While process manufacturers examine how to strip away non-value-adding activities from their continuous production cycles, subcontract manufacturers need to evaluate their core processes. Because subcontractors pack out their partners' bulk production into smaller quantities, peer-group benchmarking most often focuses on efficiency. If the peer comparison shows the subcontractor lagging behind industry standards on packing out a given chemical within a specified time window, the sub-contractors needs to locate the deficient area. An examination of equipment, training procedures, labeling, pallet preparation, storage and third-party drop shipments will reveal the general problem. If mis-labeling proves to be the issue, what is the cause? By drilling down on labeling, the subcontractor will eventually discover the root cause, whether malfunctioning equipment or insufficient training.

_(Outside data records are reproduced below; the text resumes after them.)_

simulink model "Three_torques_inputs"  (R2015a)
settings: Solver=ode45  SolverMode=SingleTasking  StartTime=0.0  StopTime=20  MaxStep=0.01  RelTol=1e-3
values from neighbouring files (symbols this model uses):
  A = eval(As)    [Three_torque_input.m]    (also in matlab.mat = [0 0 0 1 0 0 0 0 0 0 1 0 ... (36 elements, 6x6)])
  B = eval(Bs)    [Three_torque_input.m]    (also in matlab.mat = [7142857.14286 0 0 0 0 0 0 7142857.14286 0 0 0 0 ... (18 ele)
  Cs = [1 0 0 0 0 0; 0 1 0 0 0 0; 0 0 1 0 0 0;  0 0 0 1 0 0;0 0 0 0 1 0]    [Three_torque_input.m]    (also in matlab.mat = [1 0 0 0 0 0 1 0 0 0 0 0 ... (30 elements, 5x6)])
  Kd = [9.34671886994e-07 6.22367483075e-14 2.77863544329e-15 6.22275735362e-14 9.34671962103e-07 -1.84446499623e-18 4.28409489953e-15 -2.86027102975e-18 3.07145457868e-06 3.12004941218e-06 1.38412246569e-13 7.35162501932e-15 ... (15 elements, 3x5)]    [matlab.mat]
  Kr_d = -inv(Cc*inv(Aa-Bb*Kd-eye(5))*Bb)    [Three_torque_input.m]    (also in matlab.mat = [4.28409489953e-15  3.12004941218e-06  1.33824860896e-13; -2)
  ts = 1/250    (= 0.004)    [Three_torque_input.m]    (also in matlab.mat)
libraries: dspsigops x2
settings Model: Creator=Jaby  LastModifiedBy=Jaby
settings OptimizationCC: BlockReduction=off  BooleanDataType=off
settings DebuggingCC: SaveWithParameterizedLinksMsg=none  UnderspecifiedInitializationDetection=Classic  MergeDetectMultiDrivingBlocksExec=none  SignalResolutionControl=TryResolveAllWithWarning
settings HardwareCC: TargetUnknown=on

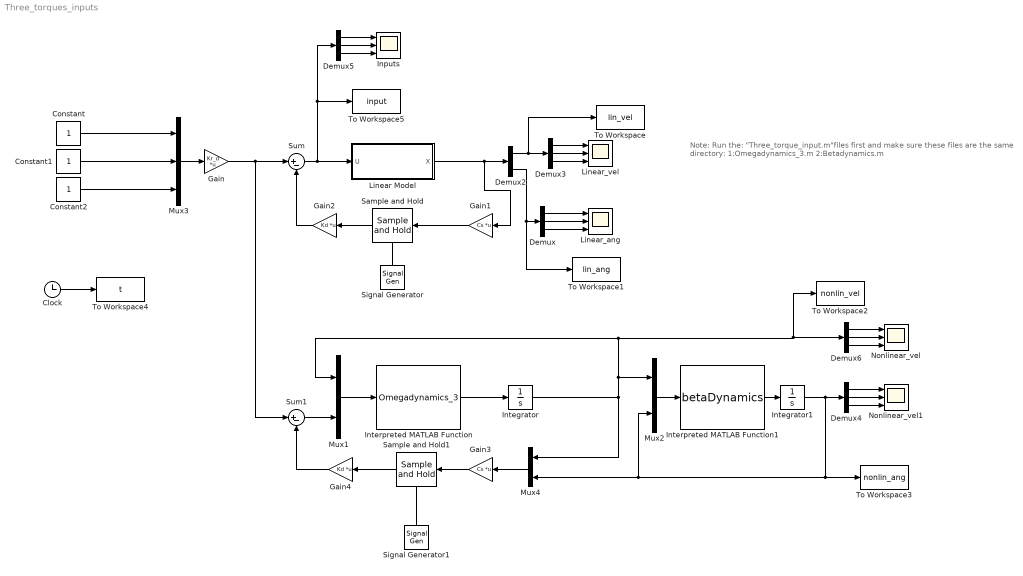
== system Three_torques_inputs ==
  note: Note:
      | Run the: "Three_torque_input.m"files first
      | and make sure these files are the same directory:
      | 1:Omegadynamics_3.m
      | 2:Betadynamics.m
  Clock : Clock
  Constant : Constant
  Constant1 : Constant
  Constant2 : Constant
  Demux{,3..6} (5 alike) : Demux  Outputs=3
  Demux2 : Demux  Outputs=2
  Gain : Gain  Gain=Kr_d  Multiplication=Matrix(K*u)
  Gain1 : Gain  Gain=Cs  Multiplication=Matrix(K*u)
  Gain2 : Gain  Gain=Kd  Multiplication=Matrix(K*u)
  Gain3 : Gain  Gain=Cs  Multiplication=Matrix(K*u)
  Gain4 : Gain  Gain=Kd  Multiplication=Matrix(K*u)
  Inputs : Scope  NumInputPorts=3
      settings: TimeRange=20  YMin=0~0~-1  YMax=2e+07~7000~1  SaveName=ScopeData4
  Integrator : Integrator  InitialCondition=[0 0 0]'
  Integrator1 : Integrator  InitialCondition=[0 0 0]'
  Interpreted MATLAB Function : MATLABFcn  MATLABFcn=Omegadynamics_3  Output1D=off
  Interpreted MATLAB Function1 : MATLABFcn  MATLABFcn=betaDynamics  Output1D=off
  "Linear Model " : Subsystem
  Linear_ang : Scope  NumInputPorts=3
      settings: TimeRange=20  YMin=0.00274~-3.07e-14~8.3e-31  YMax=0.00278~-3.025e-14~8.430000000000001e-31
  Linear_vel : Scope  NumInputPorts=3
      settings: TimeRange=20  YMin=0~0~-1  YMax=2e+07~7000~1  SaveName=ScopeData2
  Mux1 : Mux  Inputs=2
  Mux2 : Mux  Inputs=2
  Mux3 : Mux  Inputs=3
  Mux4 : Mux  Inputs=2
  Nonlinear_vel : Scope  NumInputPorts=3
      settings: TimeRange=20  YMin=0~0~-1  YMax=2e+07~7000~1  SaveName=ScopeData5
  Nonlinear_vel1 : Scope  NumInputPorts=3
      settings: TimeRange=20  YMin=0~0~-1  YMax=2e+07~7000~1  SaveName=ScopeData3
  Sample and Hold : dspsigops/Sample and Hold  trig=Rising edge  initCond=0  latchinput=off
  Sample and Hold1 : dspsigops/Sample and Hold  trig=Rising edge  initCond=0  latchinput=off
  Signal Generator : SignalGenerator  WaveForm=square  Frequency=1/ts  VectorParams1D=off
  Signal Generator1 : SignalGenerator  WaveForm=square  Frequency=1/ts  VectorParams1D=off
  Sum : Sum  Inputs=|+-
  Sum1 : Sum  Inputs=|+-
  To Workspace : ToWorkspace  VariableName=lin_vel  SampleTime=-1
  To Workspace1 : ToWorkspace  VariableName=lin_ang  SampleTime=-1
  To Workspace2 : ToWorkspace  VariableName=nonlin_vel  SampleTime=-1
  To Workspace3 : ToWorkspace  VariableName=nonlin_ang  SampleTime=-1
  To Workspace4 : ToWorkspace  VariableName=t  SampleTime=-1
  To Workspace5 : ToWorkspace  VariableName=input  SampleTime=-1
  wires:
  "Linear Model "/1(X) -> Gain1/1, Demux2/1
  Demux/1 -> Linear_ang/1
  Demux/2 -> Linear_ang/2
  Demux/3 -> Linear_ang/3
  Mux1/1 -> Interpreted MATLAB Function/1
  Interpreted MATLAB Function/1 -> Integrator/1
  Interpreted MATLAB Function1/1 -> Integrator1/1
  Mux2/1 -> Interpreted MATLAB Function1/1
  Demux2/2 -> To Workspace1/1, Demux/1
  Demux3/1 -> Linear_vel/1
  Demux3/2 -> Linear_vel/2
  Demux3/3 -> Linear_vel/3
  Demux2/1 -> To Workspace/1, Demux3/1
  Mux3/1 -> Gain/1
  Clock/1 -> To Workspace4/1
  Gain/1 -> Sum1/1, Sum/1
  Demux5/2 -> Inputs/2
  Demux5/3 -> Inputs/3
  Demux5/1 -> Inputs/1
  Sum/1 -> Demux5/1, To Workspace5/1, "Linear Model "/1(U)
  Gain2/1 -> Sum/2
  Constant/1 -> Mux3/1
  Constant1/1 -> Mux3/2
  Constant2/1 -> Mux3/3
  Mux4/1 -> Gain3/1
  Sum1/1 -> Mux1/2
  Gain4/1 -> Sum1/2
  Demux6/1 -> Nonlinear_vel/1
  Demux6/2 -> Nonlinear_vel/2
  Demux6/3 -> Nonlinear_vel/3
  Integrator/1 -> Mux4/1, To Workspace2/1, Demux6/1, Mux1/1, Mux2/1
  Demux4/1 -> Nonlinear_vel1/1
  Demux4/2 -> Nonlinear_vel1/2
  Demux4/3 -> Nonlinear_vel1/3
  Integrator1/1 -> Demux4/1, Mux2/2, Mux4/2, To Workspace3/1
  Gain1/1 -> Sample and Hold/1
  Sample and Hold/1 -> Gain2/1
  Signal Generator/1 -> Sample and Hold/Trigger
  Signal Generator1/1 -> Sample and Hold1/Trigger
  Gain3/1 -> Sample and Hold1/1
  Sample and Hold1/1 -> Gain4/1

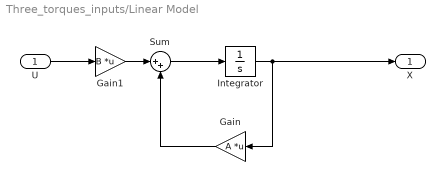
== system Three_torques_inputs/Linear Model  ==
  U : Inport
  Gain : Gain  Gain=A  Multiplication=Matrix(K*u)
  Gain1 : Gain  Gain=B  Multiplication=Matrix(K*u)
  Integrator : Integrator
  Sum : Sum  Inputs=|++
  X : Outport
  wires:
  Integrator/1 -> X/1, Gain/1
  U/1 -> Gain1/1
  Gain1/1 -> Sum/1
  Sum/1 -> Integrator/1
  Gain/1 -> Sum/2

Companies looking at ERP often assume that they will simultaneously implement enterprise software; translate redefined business processes into an optimized system; prepare the necessary data; and conduct flawless training, all while change management somehow takes care of itself. And, of course, all of this will happen on budget. In these cases, the consultant comes in and has to start at a whiteboard, because the organization has no point of reference for understanding their own enterprise needs. Business design and blueprints require four months and configuring that information into the system takes another six months. After training and testing, you're looking at an implementation that will consume an inordinate amount of time and resources.

However, manufacturers that undertake peer-group benchmarking and best business practices face a much more optimistic scenario. When these well-prepared organizations first meet with a consultant, they have an understanding of where gaps exist in their business processes, and therefore what areas the ERP system needs to focus on. With preliminary business process re-engineering already in place, these manufacturers can immediately begin working with conference room pilots, which are functional, pre-configured software embedded with best business practices specific to the manufacturer. Suddenly, implementation time is down to six months and the entire process costs far less. This approach is far more efficient than beginning with a consultant standing at a whiteboard asking, "What do you need?"

Preparedness activities are by no means limited to process and sub-contract manufacturing. Whether you produce bread or potassium hydroxide or a ceiling fan, you can achieve a lean environment prior to adopting ERP. Benchmarking and best business practices puts business process re-engineering in place, diminishing ERP risks, and minimizes organization disruptions related to change management. Because adherence to best business practices makes your data cleaner, when ERP arrives you have good procedures set up for how to create materials and interact with customers and vendors. In short, you have greatly reduced the soft issues that frequently plague ERP projects.

ERP readiness activities perform two essential functions: they prompt streamlining within the organization, and pave the way for ERP's robust collaborative functionality. Once intra-organizational best business practices become established, manufacturers can seamlessly implement EDI, XML, web pages and portals, in addition to other capabilities that allow companies to collaborate with partners. However, none of these technologies will benefit manufacturers until they clean house, beginning with peer-group evaluations.